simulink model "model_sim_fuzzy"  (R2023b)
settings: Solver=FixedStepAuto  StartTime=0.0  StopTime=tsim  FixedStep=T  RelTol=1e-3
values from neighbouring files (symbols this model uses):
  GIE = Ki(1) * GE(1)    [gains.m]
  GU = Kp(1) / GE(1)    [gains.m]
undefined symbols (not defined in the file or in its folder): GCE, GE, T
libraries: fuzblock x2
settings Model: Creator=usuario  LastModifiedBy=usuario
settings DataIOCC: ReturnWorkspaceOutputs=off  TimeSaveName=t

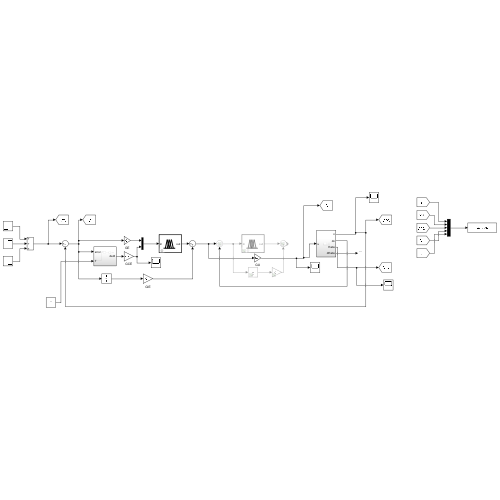
[thumbnail: Simulink's stored preview of the top-level diagram]
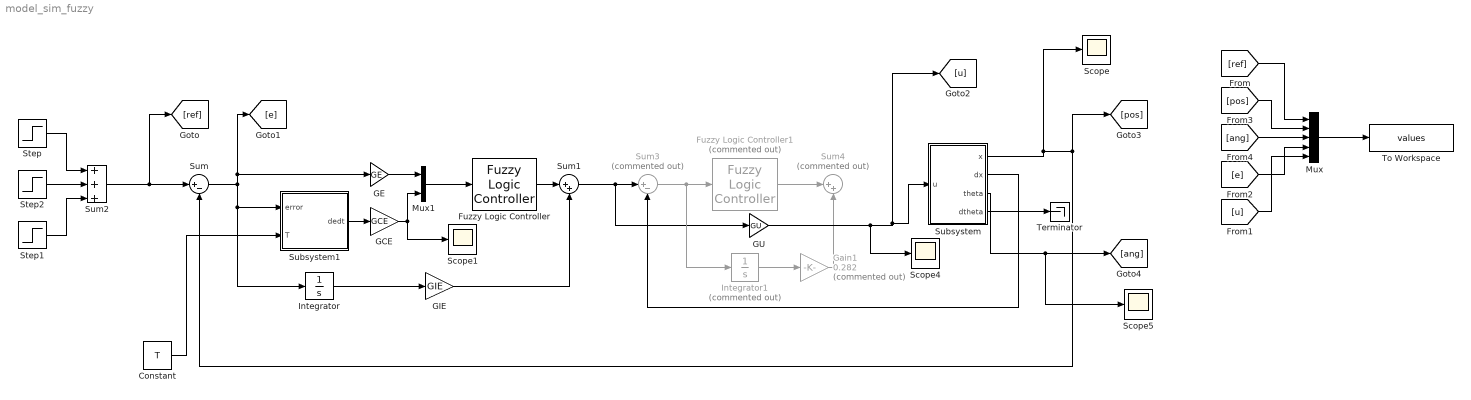
== system model_sim_fuzzy ==
  Constant : Constant  Value=T
  Fuzzy Logic Controller : fuzblock/Fuzzy Logic  Controller  FIS='PID.fis'  OutputSampleNumber=101  DataType=double  FuzzifiedInputs=off  RuleFiringStrengths=off  RuleOutputs=off  AggregatedOutputs=off  SimulateUsing=Interpreted execution  OutOfRangeInputValueMessage=warning  NoRuleFiredMessage=warning  EmptyOutputFuzzySetMessage=warning
  Fuzzy Logic Controller1 : fuzblock/Fuzzy Logic  Controller  Commented=on  FIS='PI.fis'  OutputSampleNumber=101  DataType=double  FuzzifiedInputs=off  RuleFiringStrengths=off  RuleOutputs=off  AggregatedOutputs=off  SimulateUsing=Interpreted execution  OutOfRangeInputValueMessage=warning  NoRuleFiredMessage=warning  EmptyOutputFuzzySetMessage=warning
  GCE : Gain  Gain=GCE
  GE : Gain  Gain=GE
  GIE : Gain  Gain=GIE
  GU : Gain  Gain=GU
  Gain1 : Gain  Commented=on  Gain=0.282
  Integrator : Integrator
  Integrator1 : Integrator  Commented=on
  Mux : Mux  Inputs=5
  Mux1 : Mux  Inputs=2
  Scope{,1,4..5} (4 alike) : Scope
  Step : Step  Time=0  After=0.6  SampleTime=0
  Step1 : Step  Time=30  After=-0.7  SampleTime=0
  Step2 : Step  Time=15  After=0.4  SampleTime=0
  Subsystem : Subsystem
  Subsystem1 : Subsystem
  Sum : Sum  Inputs=|+-
  Sum1 : Sum  Inputs=|++
  Sum2 : Sum  Inputs=+++
  Sum3 : Sum  Commented=on  Inputs=|+-
  Sum4 : Sum  Commented=on  Inputs=|++
  Terminator : Terminator
  To Workspace : ToWorkspace  VariableName=values  SaveFormat=Structure  SampleTime=-1
  wires:
  Mux/1 -> To Workspace/1
  Subsystem/1(x) -> Scope/1, Sum/2, [pos]
  Subsystem/3(theta) -> Scope5/1, [ang]
  Sum2/1 -> [ref], Sum/1
  Subsystem/4(dtheta) -> Terminator/1
  [ref] -> Mux/1
  [pos] -> Mux/2
  [ang] -> Mux/3
  [e] -> Mux/4
  [u] -> Mux/5
  Constant/1 -> Subsystem1/2(T)
  Sum/1 -> [e], GE/1, Integrator/1, Subsystem1/1(error)
  Step/1 -> Sum2/1
  Step1/1 -> Sum2/3
  Step2/1 -> Sum2/2
  Subsystem/2(dx) -> Sum3/2
  Mux1/1 -> Fuzzy Logic Controller/1
  Integrator/1 -> GIE/1
  GIE/1 -> Sum1/2
  Fuzzy Logic Controller/1 -> Sum1/1
  Sum1/1 -> GU/1, Sum3/1
  Sum3/1 -> Integrator1/1, Fuzzy Logic Controller1/1
  Fuzzy Logic Controller1/1 -> Sum4/1
  Integrator1/1 -> Gain1/1
  Gain1/1 -> Sum4/2
  GE/1 -> Mux1/1
  Subsystem1/1(dedt) -> GCE/1
  GCE/1 -> Mux1/2, Scope1/1
  GU/1 -> Scope4/1, [u], Subsystem/1(u)

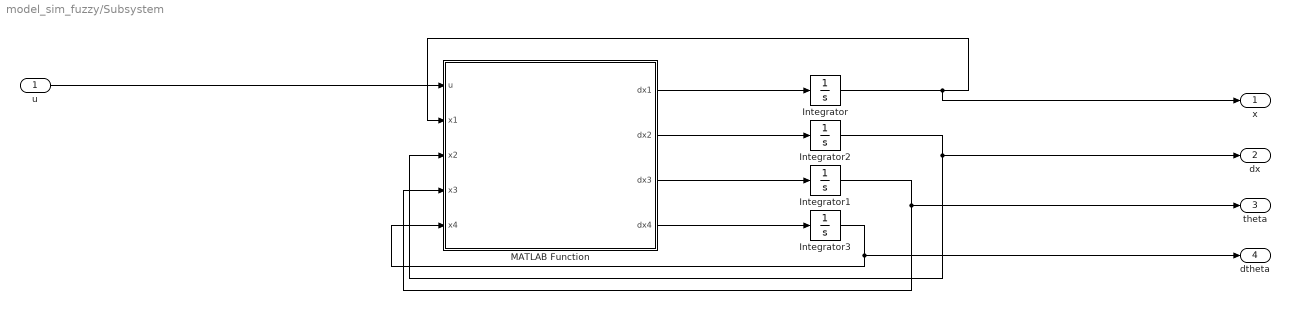
== system model_sim_fuzzy/Subsystem ==
  u : Inport
  Integrator : Integrator  InitialCondition=0.002
  Integrator1 : Integrator  InitialCondition=0.001
  Integrator2 : Integrator
  Integrator3 : Integrator
  MATLAB Function : MATLAB Function  TreatAsAtomicUnit=on
  x : Outport
  dx : Outport  Port=2
  theta : Outport  Port=3
  dtheta : Outport  Port=4
  wires:
  MATLAB Function/2(dx2) -> Integrator2/1
  Integrator/1 -> x/1, MATLAB Function/2(x1)
  Integrator2/1 -> MATLAB Function/3(x2), dx/1
  MATLAB Function/4(dx4) -> Integrator3/1
  MATLAB Function/1(dx1) -> Integrator/1
  MATLAB Function/3(dx3) -> Integrator1/1
  Integrator3/1 -> MATLAB Function/5(x4), dtheta/1
  Integrator1/1 -> theta/1, MATLAB Function/4(x3)
  u/1 -> MATLAB Function/1(u)

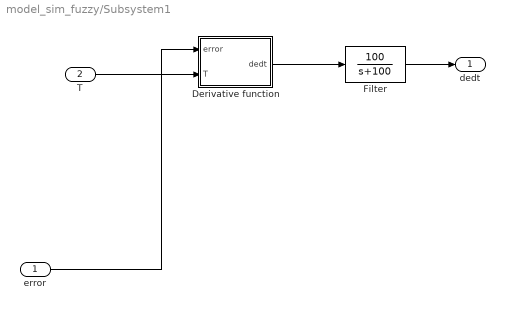
== system model_sim_fuzzy/Subsystem1 ==
  error : Inport
  T : Inport  Port=2
  Derivative function : MATLAB Function  TreatAsAtomicUnit=on  SystemSampleTime=T
  Filter : TransferFcn  Numerator=100  Denominator=[1 100]
  dedt : Outport
  wires:
  error/1 -> Derivative function/1(error)
  Derivative function/1(dedt) -> Filter/1
  T/1 -> Derivative function/2(T)
  Filter/1 -> dedt/1

== matlab function model_sim_fuzzy/Subsystem1/Derivative function ==
  data: error input; dedt output; T input
function dedt = fcn(error, T)
    persistent p_error;
    if isempty(p_error)
        p_error = error;
    end
    dedt = (error - p_error)/T;
    p_error = error;
end

== matlab function model_sim_fuzzy/Subsystem/MATLAB Function ==
  data: u input; dx1 output; x1 input; x2 input; x3 input; x4 input; dx2 output; dx3 output; dx4 output
function [dx1,dx2,dx3,dx4] = plant_model(u,x1,x2,x3,x4)
M = 10;g=9.8;m=0.8;l=0.5;mu=0.05;
q = [x1;x2;x3;x4];
a11 = -mu/(M+m*sin(x3)^2); a12 = m*g*cos(x3)*sin(x3)/((M+m*sin(x3)^2)*x3);
a13 = m*l*x4*sin(x3)/(M+m*sin(x3)^2); a21 = mu*cos(x3)/(l*(M+m*sin(x3)^2));
a22 = -(M+m)*g*sin(x3)/(l*x3*(M+m*sin(x3)^2)); a23=-m*x4*sin(x3)*cos(x3)/(M+m*sin(x3)^2);
b1 = 1/(M+m*sin(x3)^2); b2 = -cos(x3)/(l*(M+m*sin(x3)^2));
A = [0 1 0 0;0 a11 a12 a13;0 0 0 1;0 a21 a22 a23];
B = [0;b1;0;b2];

dq = A*q + B*u;
dx1 = dq(1);
dx2 = dq(2);
dx3 = dq(3);
dx4 = dq(4);

--*--

Retype every entry above exactly and, please, skip the pictures.

◆ Answer for this exercise:
simulink model "model_sim_fuzzy"  (R2023b)
settings: Solver=FixedStepAuto  StartTime=0.0  StopTime=tsim  FixedStep=T  RelTol=1e-3
values from neighbouring files (symbols this model uses):
  GIE = Ki(1) * GE(1)    [gains.m]
  GU = Kp(1) / GE(1)    [gains.m]
undefined symbols (not defined in the file or in its folder): GCE, GE, T
libraries: fuzblock x2
settings Model: Creator=usuario  LastModifiedBy=usuario
settings DataIOCC: ReturnWorkspaceOutputs=off  TimeSaveName=t

[thumbnail: Simulink's stored preview of the top-level diagram]
== system model_sim_fuzzy ==
  Constant : Constant  Value=T
  Fuzzy Logic Controller : fuzblock/Fuzzy Logic  Controller  FIS='PID.fis'  OutputSampleNumber=101  DataType=double  FuzzifiedInputs=off  RuleFiringStrengths=off  RuleOutputs=off  AggregatedOutputs=off  SimulateUsing=Interpreted execution  OutOfRangeInputValueMessage=warning  NoRuleFiredMessage=warning  EmptyOutputFuzzySetMessage=warning
  Fuzzy Logic Controller1 : fuzblock/Fuzzy Logic  Controller  Commented=on  FIS='PI.fis'  OutputSampleNumber=101  DataType=double  FuzzifiedInputs=off  RuleFiringStrengths=off  RuleOutputs=off  AggregatedOutputs=off  SimulateUsing=Interpreted execution  OutOfRangeInputValueMessage=warning  NoRuleFiredMessage=warning  EmptyOutputFuzzySetMessage=warning
  GCE : Gain  Gain=GCE
  GE : Gain  Gain=GE
  GIE : Gain  Gain=GIE
  GU : Gain  Gain=GU
  Gain1 : Gain  Commented=on  Gain=0.282
  Integrator : Integrator
  Integrator1 : Integrator  Commented=on
  Mux : Mux  Inputs=5
  Mux1 : Mux  Inputs=2
  Scope{,1,4..5} (4 alike) : Scope
  Step : Step  Time=0  After=0.6  SampleTime=0
  Step1 : Step  Time=30  After=-0.7  SampleTime=0
  Step2 : Step  Time=15  After=0.4  SampleTime=0
  Subsystem : Subsystem
  Subsystem1 : Subsystem
  Sum : Sum  Inputs=|+-
  Sum1 : Sum  Inputs=|++
  Sum2 : Sum  Inputs=+++
  Sum3 : Sum  Commented=on  Inputs=|+-
  Sum4 : Sum  Commented=on  Inputs=|++
  Terminator : Terminator
  To Workspace : ToWorkspace  VariableName=values  SaveFormat=Structure  SampleTime=-1
  wires:
  Mux/1 -> To Workspace/1
  Subsystem/1(x) -> Scope/1, Sum/2, [pos]
  Subsystem/3(theta) -> Scope5/1, [ang]
  Sum2/1 -> [ref], Sum/1
  Subsystem/4(dtheta) -> Terminator/1
  [ref] -> Mux/1
  [pos] -> Mux/2
  [ang] -> Mux/3
  [e] -> Mux/4
  [u] -> Mux/5
  Constant/1 -> Subsystem1/2(T)
  Sum/1 -> [e], GE/1, Integrator/1, Subsystem1/1(error)
  Step/1 -> Sum2/1
  Step1/1 -> Sum2/3
  Step2/1 -> Sum2/2
  Subsystem/2(dx) -> Sum3/2
  Mux1/1 -> Fuzzy Logic Controller/1
  Integrator/1 -> GIE/1
  GIE/1 -> Sum1/2
  Fuzzy Logic Controller/1 -> Sum1/1
  Sum1/1 -> GU/1, Sum3/1
  Sum3/1 -> Integrator1/1, Fuzzy Logic Controller1/1
  Fuzzy Logic Controller1/1 -> Sum4/1
  Integrator1/1 -> Gain1/1
  Gain1/1 -> Sum4/2
  GE/1 -> Mux1/1
  Subsystem1/1(dedt) -> GCE/1
  GCE/1 -> Mux1/2, Scope1/1
  GU/1 -> Scope4/1, [u], Subsystem/1(u)

== system model_sim_fuzzy/Subsystem ==
  u : Inport
  Integrator : Integrator  InitialCondition=0.002
  Integrator1 : Integrator  InitialCondition=0.001
  Integrator2 : Integrator
  Integrator3 : Integrator
  MATLAB Function : MATLAB Function  TreatAsAtomicUnit=on
  x : Outport
  dx : Outport  Port=2
  theta : Outport  Port=3
  dtheta : Outport  Port=4
  wires:
  MATLAB Function/2(dx2) -> Integrator2/1
  Integrator/1 -> x/1, MATLAB Function/2(x1)
  Integrator2/1 -> MATLAB Function/3(x2), dx/1
  MATLAB Function/4(dx4) -> Integrator3/1
  MATLAB Function/1(dx1) -> Integrator/1
  MATLAB Function/3(dx3) -> Integrator1/1
  Integrator3/1 -> MATLAB Function/5(x4), dtheta/1
  Integrator1/1 -> theta/1, MATLAB Function/4(x3)
  u/1 -> MATLAB Function/1(u)

== system model_sim_fuzzy/Subsystem1 ==
  error : Inport
  T : Inport  Port=2
  Derivative function : MATLAB Function  TreatAsAtomicUnit=on  SystemSampleTime=T
  Filter : TransferFcn  Numerator=100  Denominator=[1 100]
  dedt : Outport
  wires:
  error/1 -> Derivative function/1(error)
  Derivative function/1(dedt) -> Filter/1
  T/1 -> Derivative function/2(T)
  Filter/1 -> dedt/1

== matlab function model_sim_fuzzy/Subsystem1/Derivative function ==
  data: error input; dedt output; T input
function dedt = fcn(error, T)
    persistent p_error;
    if isempty(p_error)
        p_error = error;
    end
    dedt = (error - p_error)/T;
    p_error = error;
end

== matlab function model_sim_fuzzy/Subsystem/MATLAB Function ==
  data: u input; dx1 output; x1 input; x2 input; x3 input; x4 input; dx2 output; dx3 output; dx4 output
function [dx1,dx2,dx3,dx4] = plant_model(u,x1,x2,x3,x4)
M = 10;g=9.8;m=0.8;l=0.5;mu=0.05;
q = [x1;x2;x3;x4];
a11 = -mu/(M+m*sin(x3)^2); a12 = m*g*cos(x3)*sin(x3)/((M+m*sin(x3)^2)*x3);
a13 = m*l*x4*sin(x3)/(M+m*sin(x3)^2); a21 = mu*cos(x3)/(l*(M+m*sin(x3)^2));
a22 = -(M+m)*g*sin(x3)/(l*x3*(M+m*sin(x3)^2)); a23=-m*x4*sin(x3)*cos(x3)/(M+m*sin(x3)^2);
b1 = 1/(M+m*sin(x3)^2); b2 = -cos(x3)/(l*(M+m*sin(x3)^2));
A = [0 1 0 0;0 a11 a12 a13;0 0 0 1;0 a21 a22 a23];
B = [0;b1;0;b2];

dq = A*q + B*u;
dx1 = dq(1);
dx2 = dq(2);
dx3 = dq(3);
dx4 = dq(4);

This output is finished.